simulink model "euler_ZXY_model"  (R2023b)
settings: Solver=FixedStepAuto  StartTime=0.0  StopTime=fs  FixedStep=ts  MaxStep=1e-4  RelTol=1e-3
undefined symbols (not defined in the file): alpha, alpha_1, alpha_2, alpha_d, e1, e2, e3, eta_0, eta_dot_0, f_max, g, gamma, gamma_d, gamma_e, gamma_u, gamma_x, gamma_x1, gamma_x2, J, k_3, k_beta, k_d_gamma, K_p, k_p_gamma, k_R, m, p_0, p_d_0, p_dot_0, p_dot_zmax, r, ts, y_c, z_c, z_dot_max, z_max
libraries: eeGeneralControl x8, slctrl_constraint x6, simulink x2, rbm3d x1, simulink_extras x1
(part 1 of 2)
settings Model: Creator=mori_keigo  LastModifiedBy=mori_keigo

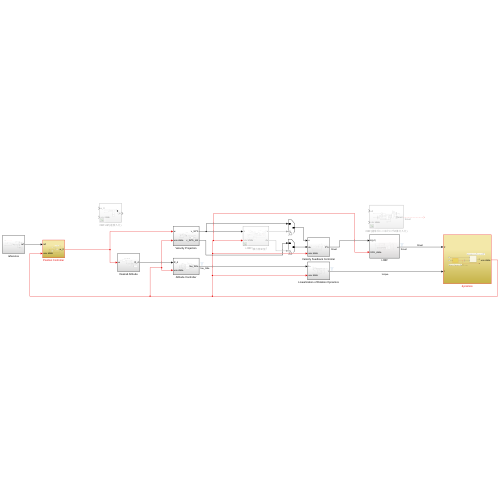
[thumbnail: Simulink's stored preview of the top-level diagram]
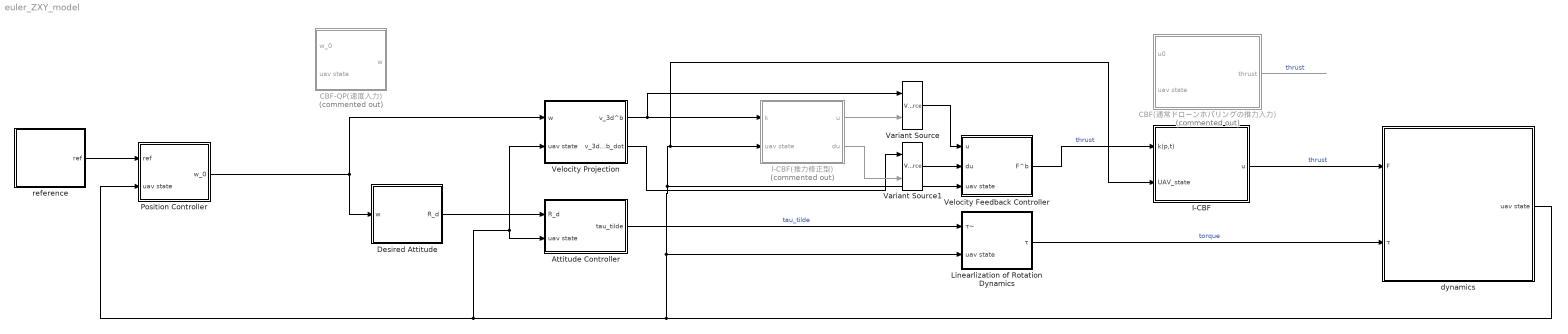
== system euler_ZXY_model ==
  Attitude Controller : Subsystem
  CBF(通常ドローンホバリングの推力入力) : Subsystem  Commented=on
  CBF-QP(速度入力) : Subsystem  Commented=on
  Desired Attitude : Subsystem
  I-CBF : Subsystem
  I-CBF(推力修正型) : Subsystem  Commented=on
  Linearlization of Rotation Dynamics : Subsystem
  Position Controller : Subsystem
  Variant Source : VariantSource
  Variant Source1 : VariantSource
  Velocity Feedback Controller : Subsystem
  Velocity Projection : Subsystem
  dynamics : Subsystem
  reference : Subsystem
  wires:
  Attitude Controller/1(tau_tilde) -> Linearlization of Rotation Dynamics/1(τ~)  "tau_tilde"
  Linearlization of Rotation Dynamics/1(τ) -> dynamics/2(τ)  "torque"
  Desired Attitude/1(R_d) -> Attitude Controller/1(R_d)
  reference/1(ref) -> Position Controller/1(ref)
  Velocity Feedback Controller/1(F^b) -> I-CBF/1(k(p,t))  "thrust"
  Position Controller/1(w_0) -> Desired Attitude/1(w), Velocity Projection/1(w)
  Velocity Projection/1(v_3d^b) -> Variant Source/1, I-CBF(推力修正型)/1(k)
  dynamics/1(uav state) -> I-CBF/2(UAV_state), I-CBF(推力修正型)/2(uav state), Velocity Feedback Controller/3(uav state), Linearlization of Rotation Dynamics/2(uav state), Velocity Projection/2(uav state), Attitude Controller/2(uav state), Position Controller/2(uav state)
  I-CBF(推力修正型)/1(u) -> Variant Source/2
  Velocity Projection/2(v_3d^b_dot) -> Variant Source1/1
  I-CBF(推力修正型)/2(du) -> Variant Source1/2
  Variant Source1/1 -> Velocity Feedback Controller/2(du)
  Variant Source/1 -> Velocity Feedback Controller/1(u)
  I-CBF/1(u) -> dynamics/1(F)  "thrust"
  CBF(通常ドローンホバリングの推力入力)/1(thrust) -> ?  "thrust"

== system euler_ZXY_model/Attitude Controller ==
  R_d : Inport
  Bus Element In1 : Inport  Port=2  PortName=uav state  Element=rotation.R_SO(2)
  Bus Element In2 : Inport  Port=2  PortName=uav state  Element=rotation.angle
  Bus Element In3 : Inport  Port=2  PortName=uav state  Element=rotation.velocity
  Constant : Constant  Value=0
  Selector : Selector  InputPortWidth=3  IndexOptions=Index vector (dialog)  Indices=[3]  OutputSizes=1
  Selector1 : Selector  InputPortWidth=3  IndexOptions=Index vector (dialog)  Indices=[3]  OutputSizes=1
  Selector2 : Selector  InputPortWidth=3  IndexOptions=Index vector (dialog)  Indices=[2]  OutputSizes=1
  Vector Concatenate : Concatenate  NumInputs=3
  beta_controller : Subsystem
  gamma_controller : Subsystem
  tau_tilde : Outport
  wires:
  beta_controller/1(tau_tilde_beta^b) -> Vector Concatenate/2
  gamma_controller/1(tau_tilde_gamma^b) -> Vector Concatenate/3
  Constant/1 -> Vector Concatenate/1
  Vector Concatenate/1 -> tau_tilde/1
  Bus Element In1/1 -> beta_controller/3(R_SO(2))
  Bus Element In2/1 -> Selector/1, Selector2/1
  Bus Element In3/1 -> Selector1/1
  Selector/1 -> gamma_controller/1(gamma)
  Selector1/1 -> gamma_controller/2(gamma_dot)
  Selector2/1 -> beta_controller/1(beta_dot)
  R_d/1 -> beta_controller/2(R_d)

== system euler_ZXY_model/CBF(通常ドローンホバリングの推力入力) ==
  u0 : Inport
  uav state : Inport  Port=2
  Bus Selector : BusSelector  OutputSignals=translation.position,translation.velocity,rotation.R,translation.lambda_1
  Constant : Constant  Value=0
  Constant1 : Constant  Value=0
  Constant2 : Constant  Value=0
  Constraint Enforcement : slctrl_constraint/Constraint Enforcement  nc=1  nu=1  c=0  external_c=on  external_umax=off  external_umin=on  Ts=0.1  maxiter=200  tol=1e-6  output_exitflag=on  relax_c=off  relax_u=off
      settings: LibrarySourceBlock=slctrlblks/Constraint Control/Constraint Enforcement
  MATLAB Function : MATLAB Function  TreatAsAtomicUnit=on
  Mux : Mux  Inputs=3
  Scope : Scope
  Scope1 : Scope
  Selector : Selector  InputPortWidth=3  IndexOptions=Index vector (dialog)  Indices=3  OutputSizes=1
  Selector1 : Selector  InputPortWidth=3  IndexOptions=Index vector (dialog)  Indices=3  OutputSizes=1
  Selector2 : Selector  InputPortWidth=3  IndexOptions=Index vector (dialog)  Indices=3  OutputSizes=1
  thrust : Outport
  wires:
  MATLAB Function/3(c) -> Constraint Enforcement/4
  MATLAB Function/2(gx) -> Constraint Enforcement/3
  MATLAB Function/1(fx) -> Constraint Enforcement/2
  uav state/1 -> Bus Selector/1
  Constant/1 -> Constraint Enforcement/5
  Bus Selector/3 -> MATLAB Function/3(rot)  "<R>"
  Bus Selector/4 -> MATLAB Function/4(lambda1)  "<lambda_1>"
  Constant2/1 -> Mux/2
  Constant1/1 -> Mux/1
  Constraint Enforcement/1 -> Scope1/1, Mux/3
  Mux/1 -> thrust/1
  Bus Selector/1 -> Selector/1  "<position>"
  Selector/1 -> MATLAB Function/1(z)
  Bus Selector/2 -> Selector1/1  "<velocity>"
  Selector1/1 -> MATLAB Function/2(z_dot)
  u0/1 -> Selector2/1
  Selector2/1 -> Constraint Enforcement/1
  Constraint Enforcement/2 -> Scope/1

== system euler_ZXY_model/CBF-QP(速度入力) ==
  w_0 : Inport
  In Bus Element : Inport  Port=2  PortName=uav state  Element=translation.position
  In Bus Element1 : Inport  Port=2  PortName=uav state  Element=rotation.angle
  Demux : Demux  Outputs=2
  ECBF-QP : Subsystem  Commented=on
  ECBF-QP_rengo_ver. : Subsystem
  ECBF-QP_z_only : Subsystem  Commented=on
  Scope : Scope
  Scope1 : Scope
  Scope2 : Scope
  Variant Source : VariantSource
  w : Outport
  wires:
  In Bus Element1/1 -> ECBF-QP_rengo_ver./3(eta)
  In Bus Element/1 -> ECBF-QP_rengo_ver./2(p)
  ECBF-QP_rengo_ver./1(Out1) -> Variant Source/2
  w_0/1 -> ECBF-QP_rengo_ver./1(w0), Variant Source/1
  Variant Source/1 -> Demux/1, Scope/1, w/1
  Demux/1 -> Scope2/1
  Demux/2 -> Scope1/1

== system euler_ZXY_model/Desired Attitude ==
  note: $R_d = \left [ (-1)^{\^} \frac{u}{||u||} \quad \frac{u}{||u||} \right ]$
  w : Inport
  Acos : Trigonometry  Operator=asin
  Display : Display
  Mux : Mux  Inputs=3
  Selector1 : Selector  NumberOfDimensions=2  InputPortWidth=3  IndexOptions=Index vector (dialog),Index vector (dialog)  Indices=[2],[1]  OutputSizes=1,1
  Terminator : Terminator
  alpha_d : Constant  Value=alpha_d
  desired attitude : Subsystem
  gamma_d : Constant  Value=gamma_d
  R_d : Outport
  wires:
  w/1 -> desired attitude/1(w)
  alpha_d/1 -> Mux/1
  Acos/1 -> Mux/2
  Selector1/1 -> Acos/1
  gamma_d/1 -> Mux/3
  Mux/1 -> Terminator/1, Display/1  "desired_attitude"
  desired attitude/1(R_d) -> Selector1/1, R_d/1

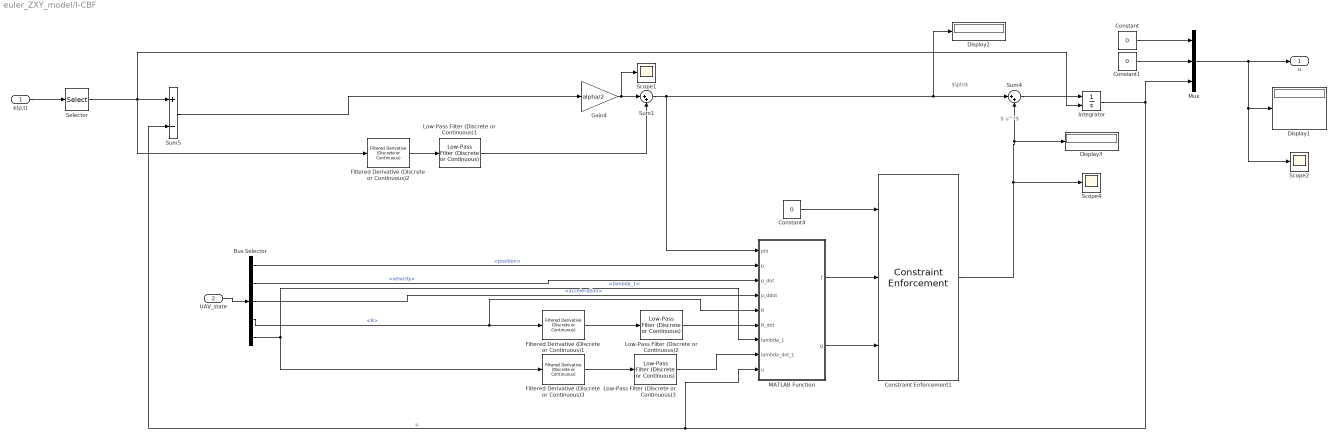
== system euler_ZXY_model/I-CBF ==
  note: $\nu^*$
  note: $\phi$
  k(p,t) : Inport
  UAV_state : Inport  Port=2
  Bus Selector : BusSelector  OutputSignals=translation.position,translation.velocity,translation.acceleration,rotation.R,translation.lambda_1
  Constant : Constant  Value=0
  Constant1 : Constant  Value=0
  Constant4 : Constant  Value=0
  Constraint Enforcement1 : slctrl_constraint/Constraint Enforcement  nc=2  nu=1  c=[0;0]  external_c=off  external_umax=off  external_umin=off  Ts=ts  maxiter=200  tol=1e-6  output_exitflag=on  relax_c=off  relax_u=off
      settings: LibrarySourceBlock=slctrlblks/Constraint Control/Constraint Enforcement
  Display1 : Display
  Display2 : Display
  Display3 : Display
  Filtered Derivative (Discrete or Continuous)1 : eeGeneralControl/Filtered Derivative (Discrete or Continuous)  K=1  T=0.1  B=inf  A=-inf  minRatio=10  init_option=Inherited from block input  x0=0  Ts=-1
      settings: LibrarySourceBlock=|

-=-=-=-=-

Every line above from the line with "Selector2/1 -> Constraint Enforcement/1" to the line with "ECBF-QP_rengo_ver./1(Out1) -> Variant", inclusive, must be returned exactly; no other line belongs in the reply.

  Selector2/1 -> Constraint Enforcement/1
  Constraint Enforcement/2 -> Scope/1

== system euler_ZXY_model/CBF-QP(速度入力) ==
  w_0 : Inport
  In Bus Element : Inport  Port=2  PortName=uav state  Element=translation.position
  In Bus Element1 : Inport  Port=2  PortName=uav state  Element=rotation.angle
  Demux : Demux  Outputs=2
  ECBF-QP : Subsystem  Commented=on
  ECBF-QP_rengo_ver. : Subsystem
  ECBF-QP_z_only : Subsystem  Commented=on
  Scope : Scope
  Scope1 : Scope
  Scope2 : Scope
  Variant Source : VariantSource
  w : Outport
  wires:
  In Bus Element1/1 -> ECBF-QP_rengo_ver./3(eta)
  In Bus Element/1 -> ECBF-QP_rengo_ver./2(p)
  ECBF-QP_rengo_ver./1(Out1) -> Variant Source/2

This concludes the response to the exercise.